Looming government shutdown would greatly impact D.C. region

We're getting closer to the deadline for a government shutdown. Lawmakers and the White House have until Friday night to reach a deal on the budget.

With just three days left until funding runs out, the looming shutdown would have a widespread impact across the D.C. region.

It’s no surprise that people{ }in the D.C. area depend heavily on government employees, especially those considered non-essential, who will be impacted most by a potential shutdown.

"We are now closer than we have ever been to getting an agreement," said President Barack Obama.

While Obama is calling on both Republican and Democrats to stop partisan bickering, the threat of a shutdown looms.

On Wednesday, Rep. Michele Bachmann, Republican from Minnesota, blamed Democrats and President Obama for the looming shutdown during remarks in the shadow of the Capitol during a Tea Party Rally.

“We know that we are coming to a decision at the end of the week,” Bachmann said. “It appears that they've [democrats] decided and take both feet and be stuck in the mud and not negotiate one tiddlywink”

She also took steps to recast the situation not as a government shutdown, saying social security checks will still go out, the military will continue fighting and many federal works will continuing working.

“It is a slowdown, there is no such thing as a government shutdown,” she said.

Republicans are asking for a third extension or “stop-gap measure", but Obama says that’s no way to run the country.
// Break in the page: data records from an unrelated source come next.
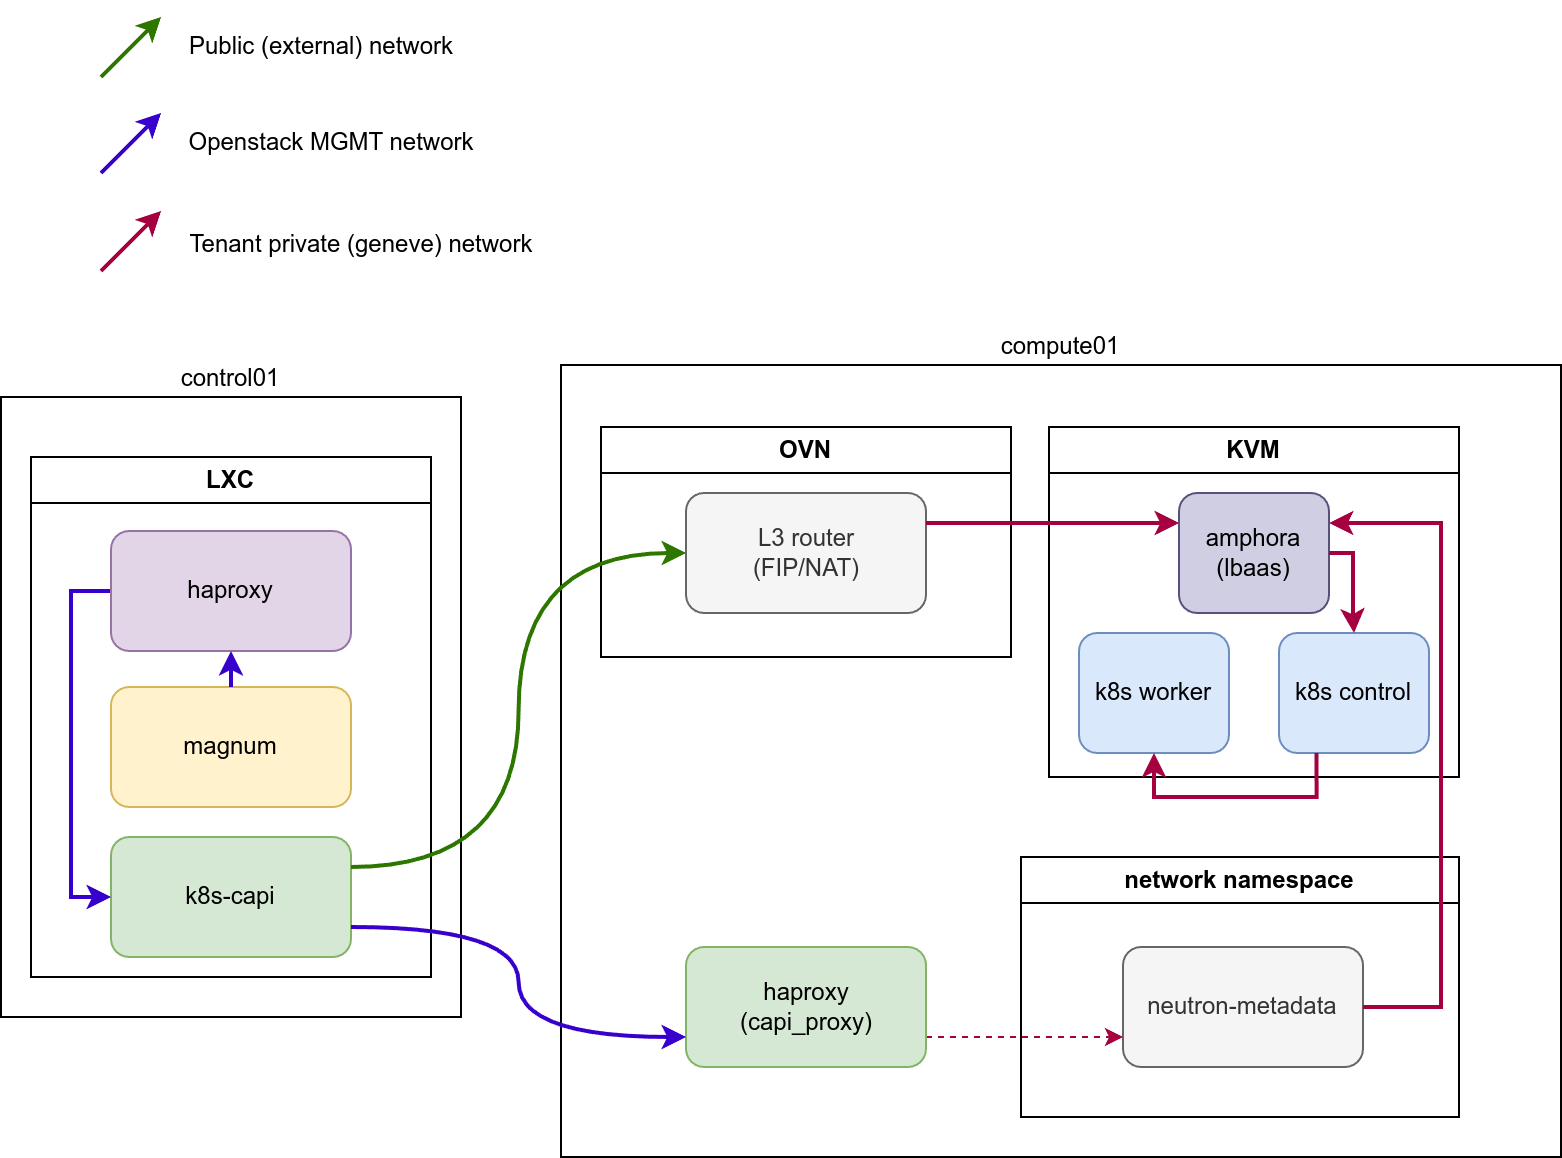

The diagram above was exported from draw.io. Its source (the exported page's mxGraphModel, read from the mxfile embedded in the PNG):
<mxGraphModel dx="1434" dy="776" grid="1" gridSize="10" guides="1" tooltips="1" connect="1" arrows="1" fold="1" page="1" pageScale="1" pageWidth="1654" pageHeight="1169" math="0" shadow="0">
  <root>
    <mxCell id="0" />
    <mxCell id="1" parent="0" />
    <mxCell id="USprMWe67QdjRrm1643M-1" value="control01" style="rounded=0;whiteSpace=wrap;html=1;labelPosition=center;verticalLabelPosition=top;align=center;verticalAlign=bottom;" parent="1" vertex="1">
      <mxGeometry x="150" y="230" width="230" height="310" as="geometry" />
    </mxCell>
    <mxCell id="USprMWe67QdjRrm1643M-3" value="LXC" style="swimlane;whiteSpace=wrap;html=1;" parent="1" vertex="1">
      <mxGeometry x="165" y="260" width="200" height="260" as="geometry" />
    </mxCell>
    <mxCell id="USprMWe67QdjRrm1643M-4" value="k8s-capi" style="rounded=1;whiteSpace=wrap;html=1;fillColor=#d5e8d4;strokeColor=#82b366;" parent="USprMWe67QdjRrm1643M-3" vertex="1">
      <mxGeometry x="40" y="190" width="120" height="60" as="geometry" />
    </mxCell>
    <mxCell id="USprMWe67QdjRrm1643M-5" value="magnum" style="rounded=1;whiteSpace=wrap;html=1;fillColor=#fff2cc;strokeColor=#d6b656;" parent="USprMWe67QdjRrm1643M-3" vertex="1">
      <mxGeometry x="40" y="115" width="120" height="60" as="geometry" />
    </mxCell>
    <mxCell id="USprMWe67QdjRrm1643M-29" style="edgeStyle=orthogonalEdgeStyle;rounded=0;orthogonalLoop=1;jettySize=auto;html=1;exitX=0;exitY=0.5;exitDx=0;exitDy=0;entryX=0;entryY=0.5;entryDx=0;entryDy=0;fillColor=#6a00ff;strokeColor=#3700CC;strokeWidth=2;" parent="1" source="USprMWe67QdjRrm1643M-6" target="USprMWe67QdjRrm1643M-4" edge="1">
      <mxGeometry relative="1" as="geometry" />
    </mxCell>
    <mxCell id="USprMWe67QdjRrm1643M-6" value="haproxy" style="rounded=1;whiteSpace=wrap;html=1;fillColor=#e1d5e7;strokeColor=#9673a6;" parent="1" vertex="1">
      <mxGeometry x="205" y="297" width="120" height="60" as="geometry" />
    </mxCell>
    <mxCell id="USprMWe67QdjRrm1643M-7" value="compute01" style="rounded=0;whiteSpace=wrap;html=1;labelPosition=center;verticalLabelPosition=top;align=center;verticalAlign=bottom;" parent="1" vertex="1">
      <mxGeometry x="430" y="214" width="500" height="396" as="geometry" />
    </mxCell>
    <mxCell id="USprMWe67QdjRrm1643M-8" value="KVM" style="swimlane;whiteSpace=wrap;html=1;" parent="1" vertex="1">
      <mxGeometry x="674" y="245" width="205" height="175" as="geometry" />
    </mxCell>
    <mxCell id="USprMWe67QdjRrm1643M-10" value="k8s worker" style="rounded=1;whiteSpace=wrap;html=1;fillColor=#dae8fc;strokeColor=#6c8ebf;" parent="USprMWe67QdjRrm1643M-8" vertex="1">
      <mxGeometry x="15" y="103" width="75" height="60" as="geometry" />
    </mxCell>
    <mxCell id="USprMWe67QdjRrm1643M-13" value="amphora&lt;br&gt;(lbaas)" style="rounded=1;whiteSpace=wrap;html=1;fillColor=#d0cee2;strokeColor=#56517e;" parent="USprMWe67QdjRrm1643M-8" vertex="1">
      <mxGeometry x="65" y="33" width="75" height="60" as="geometry" />
    </mxCell>
    <mxCell id="USprMWe67QdjRrm1643M-9" value="network namespace" style="swimlane;whiteSpace=wrap;html=1;startSize=23;" parent="1" vertex="1">
      <mxGeometry x="660" y="460" width="219" height="130" as="geometry" />
    </mxCell>
    <mxCell id="USprMWe67QdjRrm1643M-12" value="neutron-metadata" style="rounded=1;whiteSpace=wrap;html=1;fillColor=#f5f5f5;fontColor=#333333;strokeColor=#666666;" parent="USprMWe67QdjRrm1643M-9" vertex="1">
      <mxGeometry x="51" y="45" width="120" height="60" as="geometry" />
    </mxCell>
    <mxCell id="USprMWe67QdjRrm1643M-11" value="k8s control" style="rounded=1;whiteSpace=wrap;html=1;fillColor=#dae8fc;strokeColor=#6c8ebf;" parent="1" vertex="1">
      <mxGeometry x="789" y="348" width="75" height="60" as="geometry" />
    </mxCell>
    <mxCell id="USprMWe67QdjRrm1643M-15" value="OVN" style="swimlane;whiteSpace=wrap;html=1;startSize=23;" parent="1" vertex="1">
      <mxGeometry x="450" y="245" width="205" height="115" as="geometry" />
    </mxCell>
    <mxCell id="USprMWe67QdjRrm1643M-16" value="L3 router&lt;br&gt;(FIP/NAT)" style="rounded=1;whiteSpace=wrap;html=1;fillColor=#f5f5f5;fontColor=#333333;strokeColor=#666666;" parent="USprMWe67QdjRrm1643M-15" vertex="1">
      <mxGeometry x="42.5" y="33" width="120" height="60" as="geometry" />
    </mxCell>
    <mxCell id="USprMWe67QdjRrm1643M-20" style="edgeStyle=orthogonalEdgeStyle;rounded=0;orthogonalLoop=1;jettySize=auto;html=1;exitX=1;exitY=0.5;exitDx=0;exitDy=0;entryX=1;entryY=0.25;entryDx=0;entryDy=0;strokeWidth=2;fillColor=#d80073;strokeColor=#A50040;" parent="1" source="USprMWe67QdjRrm1643M-12" target="USprMWe67QdjRrm1643M-13" edge="1">
      <mxGeometry relative="1" as="geometry">
        <Array as="points">
          <mxPoint x="870" y="535" />
          <mxPoint x="870" y="293" />
        </Array>
      </mxGeometry>
    </mxCell>
    <mxCell id="USprMWe67QdjRrm1643M-22" style="edgeStyle=orthogonalEdgeStyle;rounded=0;orthogonalLoop=1;jettySize=auto;html=1;exitX=0.5;exitY=1;exitDx=0;exitDy=0;entryX=0.25;entryY=1;entryDx=0;entryDy=0;endArrow=none;endFill=0;strokeWidth=2;fillColor=#d80073;strokeColor=#A50040;startArrow=classic;startFill=1;" parent="1" source="USprMWe67QdjRrm1643M-10" target="USprMWe67QdjRrm1643M-11" edge="1">
      <mxGeometry relative="1" as="geometry">
        <Array as="points">
          <mxPoint x="727" y="430" />
          <mxPoint x="808" y="430" />
        </Array>
      </mxGeometry>
    </mxCell>
    <mxCell id="USprMWe67QdjRrm1643M-25" style="edgeStyle=orthogonalEdgeStyle;rounded=0;orthogonalLoop=1;jettySize=auto;html=1;exitX=1;exitY=0.25;exitDx=0;exitDy=0;entryX=0;entryY=0.25;entryDx=0;entryDy=0;strokeWidth=2;fillColor=#d80073;strokeColor=#A50040;" parent="1" source="USprMWe67QdjRrm1643M-16" target="USprMWe67QdjRrm1643M-13" edge="1">
      <mxGeometry relative="1" as="geometry" />
    </mxCell>
    <mxCell id="USprMWe67QdjRrm1643M-27" style="edgeStyle=orthogonalEdgeStyle;rounded=0;orthogonalLoop=1;jettySize=auto;html=1;exitX=1;exitY=0.75;exitDx=0;exitDy=0;entryX=0;entryY=0.75;entryDx=0;entryDy=0;dashed=1;fillColor=#d80073;strokeColor=#A50040;" parent="1" source="USprMWe67QdjRrm1643M-26" target="USprMWe67QdjRrm1643M-12" edge="1">
      <mxGeometry relative="1" as="geometry" />
    </mxCell>
    <mxCell id="USprMWe67QdjRrm1643M-26" value="haproxy&lt;br&gt;(capi_proxy)" style="rounded=1;whiteSpace=wrap;html=1;fillColor=#d5e8d4;strokeColor=#82b366;" parent="1" vertex="1">
      <mxGeometry x="492.5" y="505" width="120" height="60" as="geometry" />
    </mxCell>
    <mxCell id="USprMWe67QdjRrm1643M-28" style="edgeStyle=orthogonalEdgeStyle;rounded=0;orthogonalLoop=1;jettySize=auto;html=1;exitX=0.5;exitY=0;exitDx=0;exitDy=0;entryX=0.5;entryY=1;entryDx=0;entryDy=0;fillColor=#6a00ff;strokeColor=#3700CC;strokeWidth=2;" parent="1" source="USprMWe67QdjRrm1643M-5" target="USprMWe67QdjRrm1643M-6" edge="1">
      <mxGeometry relative="1" as="geometry" />
    </mxCell>
    <mxCell id="USprMWe67QdjRrm1643M-30" style="edgeStyle=orthogonalEdgeStyle;rounded=0;orthogonalLoop=1;jettySize=auto;html=1;exitX=1;exitY=0.25;exitDx=0;exitDy=0;entryX=0;entryY=0.5;entryDx=0;entryDy=0;curved=1;strokeWidth=2;fillColor=#60a917;strokeColor=#2D7600;" parent="1" source="USprMWe67QdjRrm1643M-4" target="USprMWe67QdjRrm1643M-16" edge="1">
      <mxGeometry relative="1" as="geometry" />
    </mxCell>
    <mxCell id="USprMWe67QdjRrm1643M-31" style="edgeStyle=orthogonalEdgeStyle;rounded=0;orthogonalLoop=1;jettySize=auto;html=1;exitX=1;exitY=0.75;exitDx=0;exitDy=0;entryX=0;entryY=0.75;entryDx=0;entryDy=0;curved=1;strokeWidth=2;fillColor=#6a00ff;strokeColor=#3700CC;" parent="1" source="USprMWe67QdjRrm1643M-4" target="USprMWe67QdjRrm1643M-26" edge="1">
      <mxGeometry relative="1" as="geometry" />
    </mxCell>
    <mxCell id="USprMWe67QdjRrm1643M-33" value="" style="endArrow=classic;html=1;rounded=0;strokeWidth=2;fillColor=#60a917;strokeColor=#2D7600;" parent="1" edge="1">
      <mxGeometry width="50" height="50" relative="1" as="geometry">
        <mxPoint x="200" y="70" as="sourcePoint" />
        <mxPoint x="230" y="40" as="targetPoint" />
      </mxGeometry>
    </mxCell>
    <mxCell id="USprMWe67QdjRrm1643M-34" value="Public (external) network" style="text;html=1;align=center;verticalAlign=middle;resizable=0;points=[];autosize=1;strokeColor=none;fillColor=none;" parent="1" vertex="1">
      <mxGeometry x="230" y="40" width="160" height="30" as="geometry" />
    </mxCell>
    <mxCell id="USprMWe67QdjRrm1643M-36" value="Openstack MGMT network" style="text;html=1;align=center;verticalAlign=middle;resizable=0;points=[];autosize=1;strokeColor=none;fillColor=none;" parent="1" vertex="1">
      <mxGeometry x="230" y="88" width="170" height="30" as="geometry" />
    </mxCell>
    <mxCell id="USprMWe67QdjRrm1643M-38" value="Tenant private (geneve) network" style="text;html=1;align=center;verticalAlign=middle;resizable=0;points=[];autosize=1;strokeColor=none;fillColor=none;" parent="1" vertex="1">
      <mxGeometry x="235" y="139" width="190" height="30" as="geometry" />
    </mxCell>
    <mxCell id="USprMWe67QdjRrm1643M-39" value="" style="endArrow=classic;html=1;rounded=0;strokeWidth=2;fillColor=#6a00ff;strokeColor=#3700CC;" parent="1" edge="1">
      <mxGeometry width="50" height="50" relative="1" as="geometry">
        <mxPoint x="200" y="118" as="sourcePoint" />
        <mxPoint x="230" y="88" as="targetPoint" />
      </mxGeometry>
    </mxCell>
    <mxCell id="USprMWe67QdjRrm1643M-40" value="" style="endArrow=classic;html=1;rounded=0;strokeWidth=2;fillColor=#d80073;strokeColor=#A50040;" parent="1" edge="1">
      <mxGeometry width="50" height="50" relative="1" as="geometry">
        <mxPoint x="200" y="167" as="sourcePoint" />
        <mxPoint x="230" y="137" as="targetPoint" />
      </mxGeometry>
    </mxCell>
    <mxCell id="USprMWe67QdjRrm1643M-41" style="edgeStyle=orthogonalEdgeStyle;rounded=0;orthogonalLoop=1;jettySize=auto;html=1;exitX=1;exitY=0.5;exitDx=0;exitDy=0;entryX=0.5;entryY=0;entryDx=0;entryDy=0;strokeWidth=2;fillColor=#d80073;strokeColor=#A50040;" parent="1" source="USprMWe67QdjRrm1643M-13" target="USprMWe67QdjRrm1643M-11" edge="1">
      <mxGeometry relative="1" as="geometry">
        <Array as="points">
          <mxPoint x="826" y="308" />
          <mxPoint x="826" y="340" />
        </Array>
      </mxGeometry>
    </mxCell>
  </root>
</mxGraphModel>

Still, both sides have until Friday to strike a deal. If not, paychecks will stop, which could affect the National Mall, tourism, museums, local military, and thousands of stores in the District, Maryland, and Virginia that rely on spending from government employees and tourists.

Military wife and mother of four, Rebecca Cleary, said, “with all the sacrifices we make at least we have a steady pay check. That's the one thing we put in the pro section for being a military family and to take that away, it's scary."

Clearly says she wants consensus to outweigh politics, as do some lawmakers.

"Americans they expect us to work together when a problem becomes so pressing across party lines that cooperation is needed. Now is such a moment,” said Sen. Mitch McConnell, (R-Ky.).

Right now, it's unknown exactly who will be affected, but agency bosses said Tuesday night that workers will not be allowed to voluntarily work during a shutdown.

As for those essential workers, like military personnel, if a shutdown occurs, it’s likely they’ll see retroactive pay, but Congress will have to approve the measure once a spending shutdown ends.

According to D.C. mayor Vincent Gray, the shutdown could also affect services in the District since it's treated as a federal agency. The city may also have to shut down as a result.